Она не расслабилась.
— Я никого не боюсь. Кто ты? Почему ты на меня уставился?
— Я пассажир на этом судне, как и ты. Меня зовут Шефту. Я уставился, потому что удивлен видеть тебя здесь.
— А почему бы мне здесь не быть, если я так хочу?
— Нет-нет, погоди! Я не оспариваю твое право. Но это очень странно… — Он замялся. Ему внезапно пришло в голову, что ее многократные появления в его жизни в этот день могли быть чем-то большим, чем просто совпадением. Неужели царица подослала к нему шпионов? Он насторожился, но у него подозрительность принимала облик простодушного обаяния. Он одарил ее обезоруживающей улыбкой и плавно махнул рукой.
— Прошу тебя. Очень грубо с моей стороны было так пялиться. Умоляю о прощении. Давай начнем наше знакомство заново.
Нужно было быть нечеловеком, чтобы не отреагировать на эту улыбку.
— Если хочешь, — пробормотала она. Про себя же подумала: «Надо избавляться от рабских замашек! Я имею полное право быть на этом корабле и мне некого здесь бояться».
Шефту сел рядом с ней и тут же заговорил об огромной каменной статуе, мимо которой они проплывали, рассказывая легенды о древнем царе, что воздвиг ее на берегу. Его манеры были безупречны; в них было ровно столько дружелюбия и сдержанности, чтобы ее успокоить. Тем временем он лихорадочно соображал, прокручивая в голове свои передвижения за день и анализируя те немногие факты, что были ему известны о ней. В конце концов он пришел к выводу, что она не может иметь никакого отношения к людям царицы, а значит, не опасна для него. Но что она здесь делает? Ответ внезапно вспыхнул в его успокоившемся сознании. Она сбежала от того человека, что тащил ее по улице. Она — беглянка!
Теперь он улыбнулся еще обаятельнее прежнего, поняв, что при необходимости у него будет против нее грозное оружие. Он закончил свой рассказ тихим голосом:
— И говорят, что по ночам ба самого старого царя порхает у статуи в образе летучей мыши, разглядывая лицо и надписи, дабы убедиться, что его образ и имя не забыты в земле Кемт.

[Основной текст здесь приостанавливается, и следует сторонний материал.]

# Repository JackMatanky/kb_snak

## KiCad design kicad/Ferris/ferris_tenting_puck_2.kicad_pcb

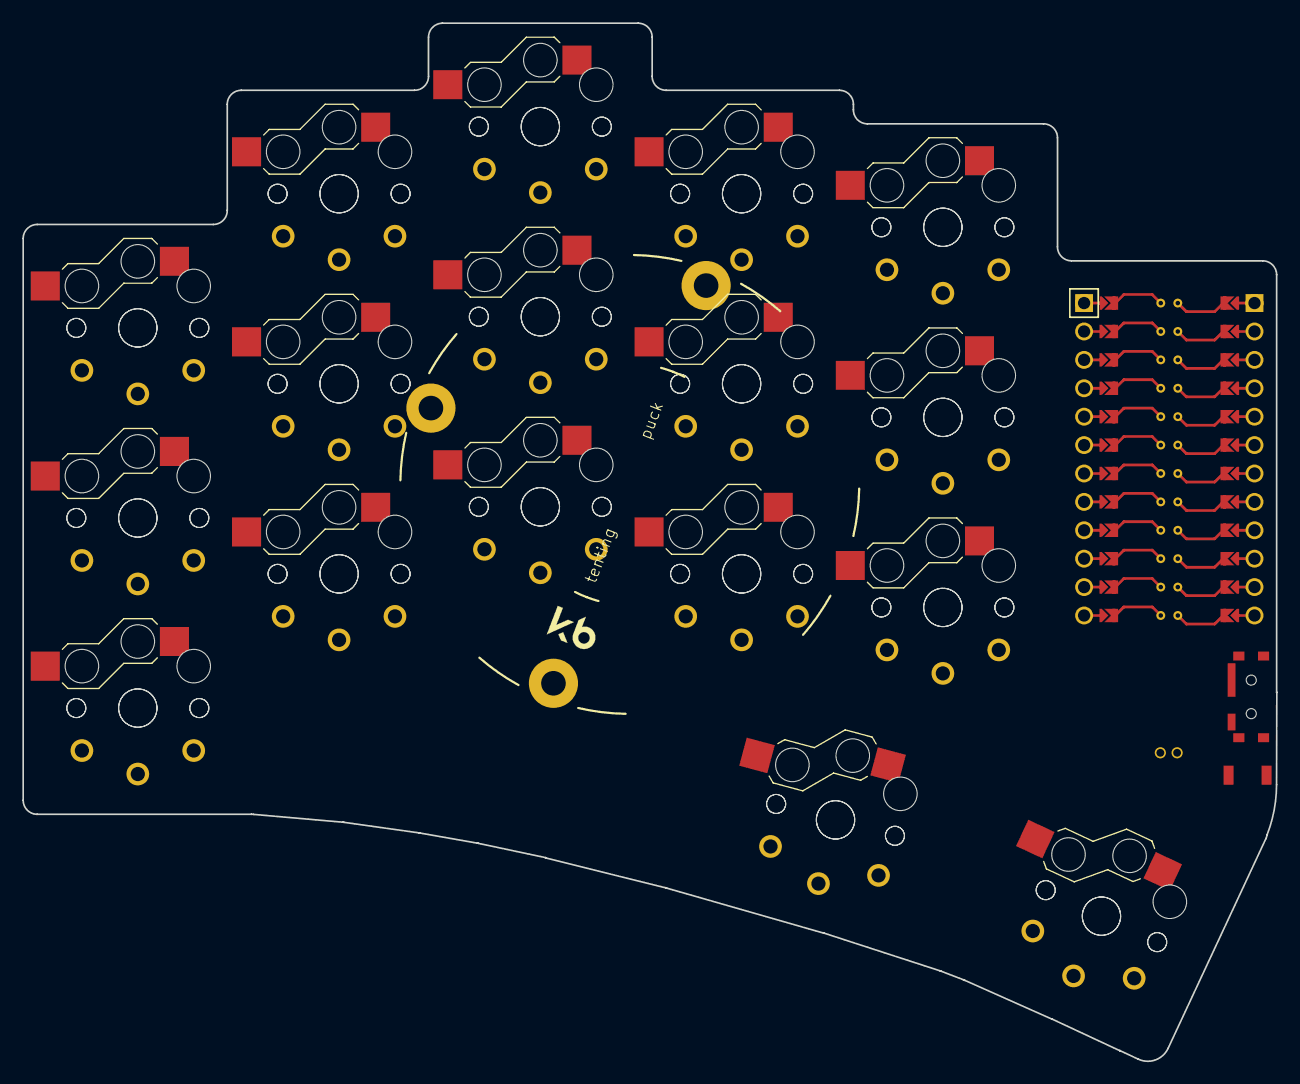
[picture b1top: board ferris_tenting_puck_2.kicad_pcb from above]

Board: 2 copper layers, 112.1 x 92.8 mm, 36 parts (0 on the bottom side), 18 nets, no tracks yet.

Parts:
MCU1: ProMicro
S1, S2, S3, S4, S5, S6, S7, S8, S9, S10, S11, S12, S13, S14, S15, S16, S17, S18, S19, S20, S21, S22, S23, S24, S25, S26, S27, S28, S29, S30, S31, S32, S33, S34: PG1350
_1: Tenting Puck

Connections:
GND: MCU1.2, MCU1.21, MCU1.22, S1.2, S2.2, S3.2, S4.2, S5.2, S6.2, S7.2, S8.2, S9.2, S10.2, S11.2, S12.2, S13.2, S14.2, S15.2, S16.2, S17.2, S18.2, S19.2, S20.2, S21.2, S22.2, S23.2, S24.2, S25.2, S26.2, S27.2, S28.2, S29.2, S30.2, S31.2, S32.2, S33.2, S34.2
P0: MCU1.23, S9.1, S26.1
P1: MCU1.24, S15.1, S32.1
P2: MCU1.20, S3.1, S20.1
P3: MCU1.19, S14.1, S31.1
P4: MCU1.18, S8.1, S25.1
P5: MCU1.17, S2.1, S19.1
P6: MCU1.16, S13.1, S30.1
P7: MCU1.15, S7.1, S24.1
P8: MCU1.14, S1.1, S18.1
P9: MCU1.13, S16.1, S33.1
P10: MCU1.12, S17.1, S34.1
P14: MCU1.10, S4.1, S21.1
P15: MCU1.9, S10.1, S27.1
P18: MCU1.8, S5.1, S22.1
P19: MCU1.7, S11.1, S28.1
P20: MCU1.6, S6.1, S23.1
P21: MCU1.5, S12.1, S29.1

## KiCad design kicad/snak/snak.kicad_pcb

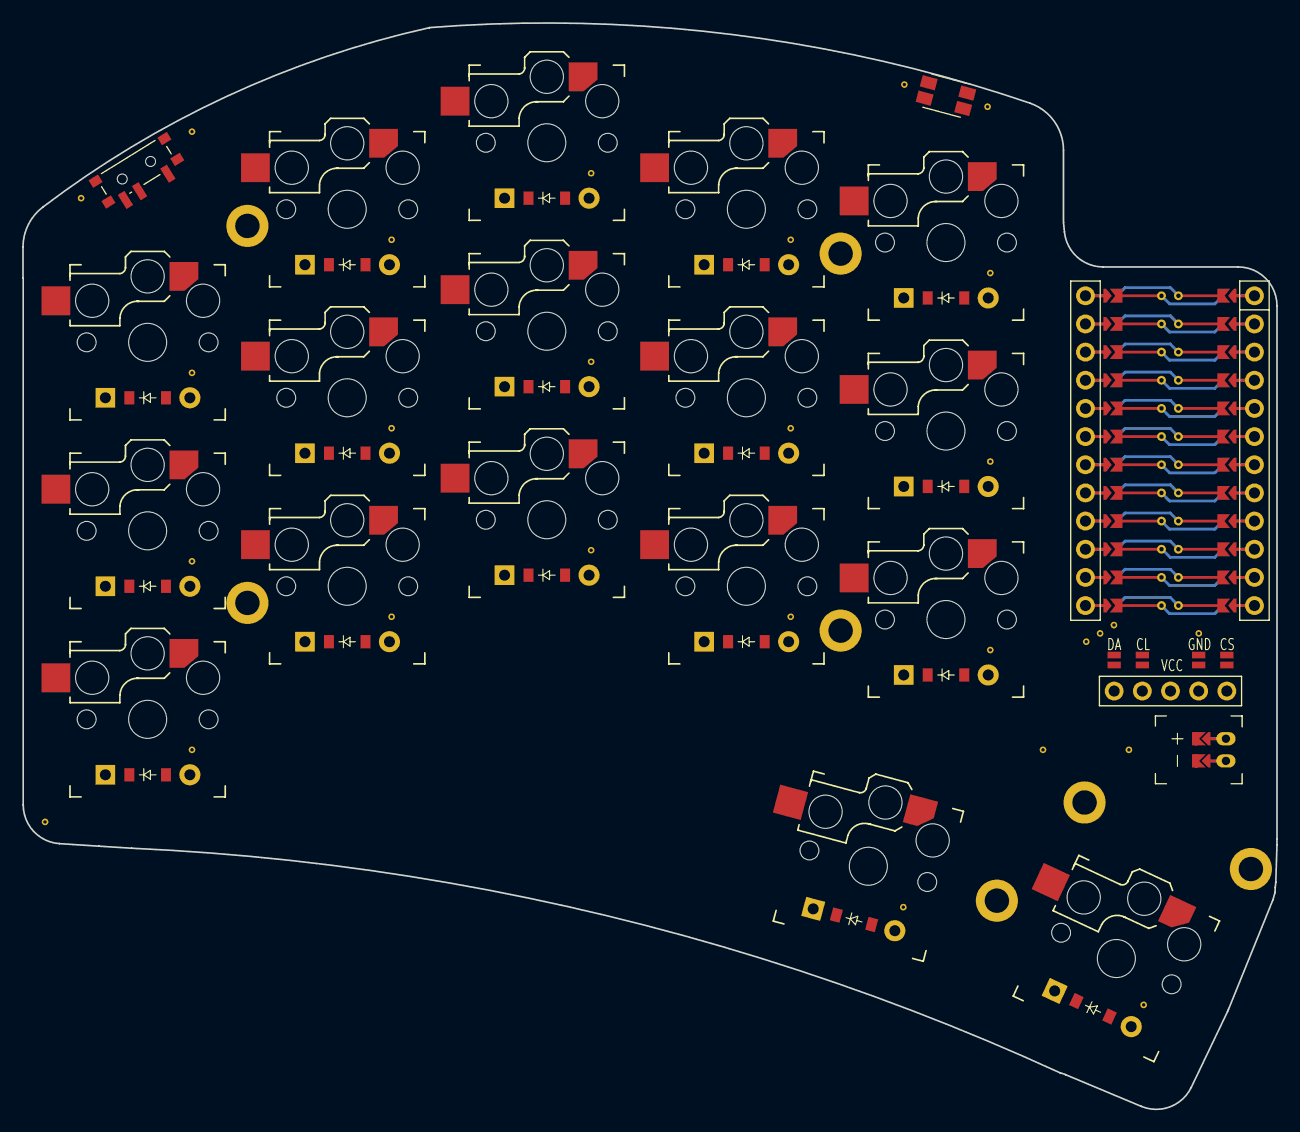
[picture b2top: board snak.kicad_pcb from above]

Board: 2 copper layers, 113.1 x 98.0 mm, 46 parts (0 on the bottom side), 40 nets.

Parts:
D1, D2, D3, D4, D5, D6, D7, D8, D9, D10, D11, D12, D13, D14, D15, D16, D17: ComboDiode
DISP1: nice!view
H1, H2, H3, H4, H5, H6, H7: mounting_hole
JST1: JST_PH_S2B-PH-K
MCU1: nice_nano
S1, S2, S3, S4, S5, S6, S7, S8, S9, S10, S11, S12, S13, S14, S15, S16, S17: PG1350
SW1: sw_reset_side
SW2: power_switch

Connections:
DISP1_1: DISP1.1, DISP1.10, DISP1.23
DISP1_2: DISP1.2, DISP1.11, DISP1.22
DISP1_4: DISP1.4, DISP1.12, DISP1.21
DISP1_5: DISP1.5, DISP1.13, DISP1.20
GND: DISP1.16, DISP1.26, JST1.1, MCU1.103, MCU1.104, MCU1.123, SW1.1
JST1_1: JST1.11, JST1.21, JST1.31
JST1_2: JST1.12, JST1.22, JST1.32
P0: MCU1.102, S4.1, S5.1, S6.1
P1: MCU1.101, S1.1, S2.1, S3.1
P2: MCU1.105, S7.1, S8.1, S9.1
P3: MCU1.106, S10.1, S11.1, S12.1, S16.1
P4: MCU1.107, S13.1, S14.1, S15.1, S17.1
P5: DISP1.14, DISP1.24, MCU1.108
P6: DISP1.15, DISP1.25, MCU1.109
P7: DISP1.17, DISP1.27, MCU1.110
P10: D16.1, D17.1, MCU1.113
P14: D2.1, D5.1, D8.1, D11.1, D14.1, MCU1.115
P15: D3.1, D6.1, D9.1, D12.1, D15.1, MCU1.116
P16: D1.1, D4.1, D7.1, D10.1, D13.1, MCU1.114
RAW: MCU1.124, SW2.3, SW2.6
RST: MCU1.122, SW1.2
VCC: DISP1.3, MCU1.121
in_home: D17.2, S17.2
index_bot: D10.2, S10.2
index_mid: D11.2, S11.2
index_top: D12.2, S12.2
inner_bot: D13.2, S13.2
inner_mid: D14.2, S14.2
inner_top: D15.2, S15.2
middle_bot: D7.2, S7.2
middle_mid: D8.2, S8.2
middle_top: D9.2, S9.2
out_home: D16.2, S16.2
pinky_bot: D1.2, S1.2
pinky_mid: D2.2, S2.2
pinky_top: D3.2, S3.2
pos: JST1.2, SW2.2, SW2.5
ring_bot: D4.2, S4.2
ring_mid: D5.2, S5.2
ring_top: D6.2, S6.2

Она заслонила глаза ладонью, чтобы в последний раз взглянуть на огромное, суровое, гранитное лицо, исчезающее вниз по реке.
— Странная это сказка, — сказала она. — И хорошо рассказана. Я не слышала лучше даже от старых сказителей, что греются на солнце в храмовом дворе.
Он отвесил ей легкий поклон в знак признания.
— Быть может, я ошибся с ремеслом, — заметил он с усмешкой.
— А каково твое ремесло?
— Я ученик писца в Фивах, — гладко солгал он. — Некоего Хуаа. Славный старик, но со склонностью к перееданию — склонностью, которую его ученики с радостью бы переняли, будь у них такая возможность.
Она улыбнулась.
— Ты не выглядишь недокормленным.
— Так и есть. Но в этом не заслуга Хуаа.
На этот раз она рассмеялась в голос.
— Вижу, у нас с тобой общий опыт. Ты голоден сейчас? На.
Она полезла за пояс и достала две последние медовые лепешки, которые стащила у ученика пекаря ранее в тот же день. Одну она предложила Шефту, и тот с благодарностью принял ее, скрывая веселье.
— Так ты писец, — продолжила она, откусывая от своего слоеного лакомства. — У меня когда-то был… я когда-то знала человека, который занимался этим ремеслом.
— Вот как? — пробормотал Шефту. От него не ускользнуло, как быстро она поправила себя, не договорив слово «хозяин».
— Он служил у начальника округа на северной границе Египта. Там было много чужеземцев.
— Чужеземцы слетаются в Египет, как птицы на болото, — заметил Шефту. «Вот как она выучила вавилонский», — подумал он.
Она вдруг указала пальцем.
— Смотри. Там, на песчаной отмели.
Он обернулся. Песчаная отмель была почти скрыта длинными, буровато-зелеными, зловещими телами. Его кожа невольно покрылась мурашками. Крокодилы! Они лежали вяло и неподвижно, все повернувшись на север, широко разинув огромные бледные пасти навстречу ветру. Он подумал о боге с головой крокодила, Себеке, и нащупал амулет на запястье.
Затем он снова повернулся к девушке.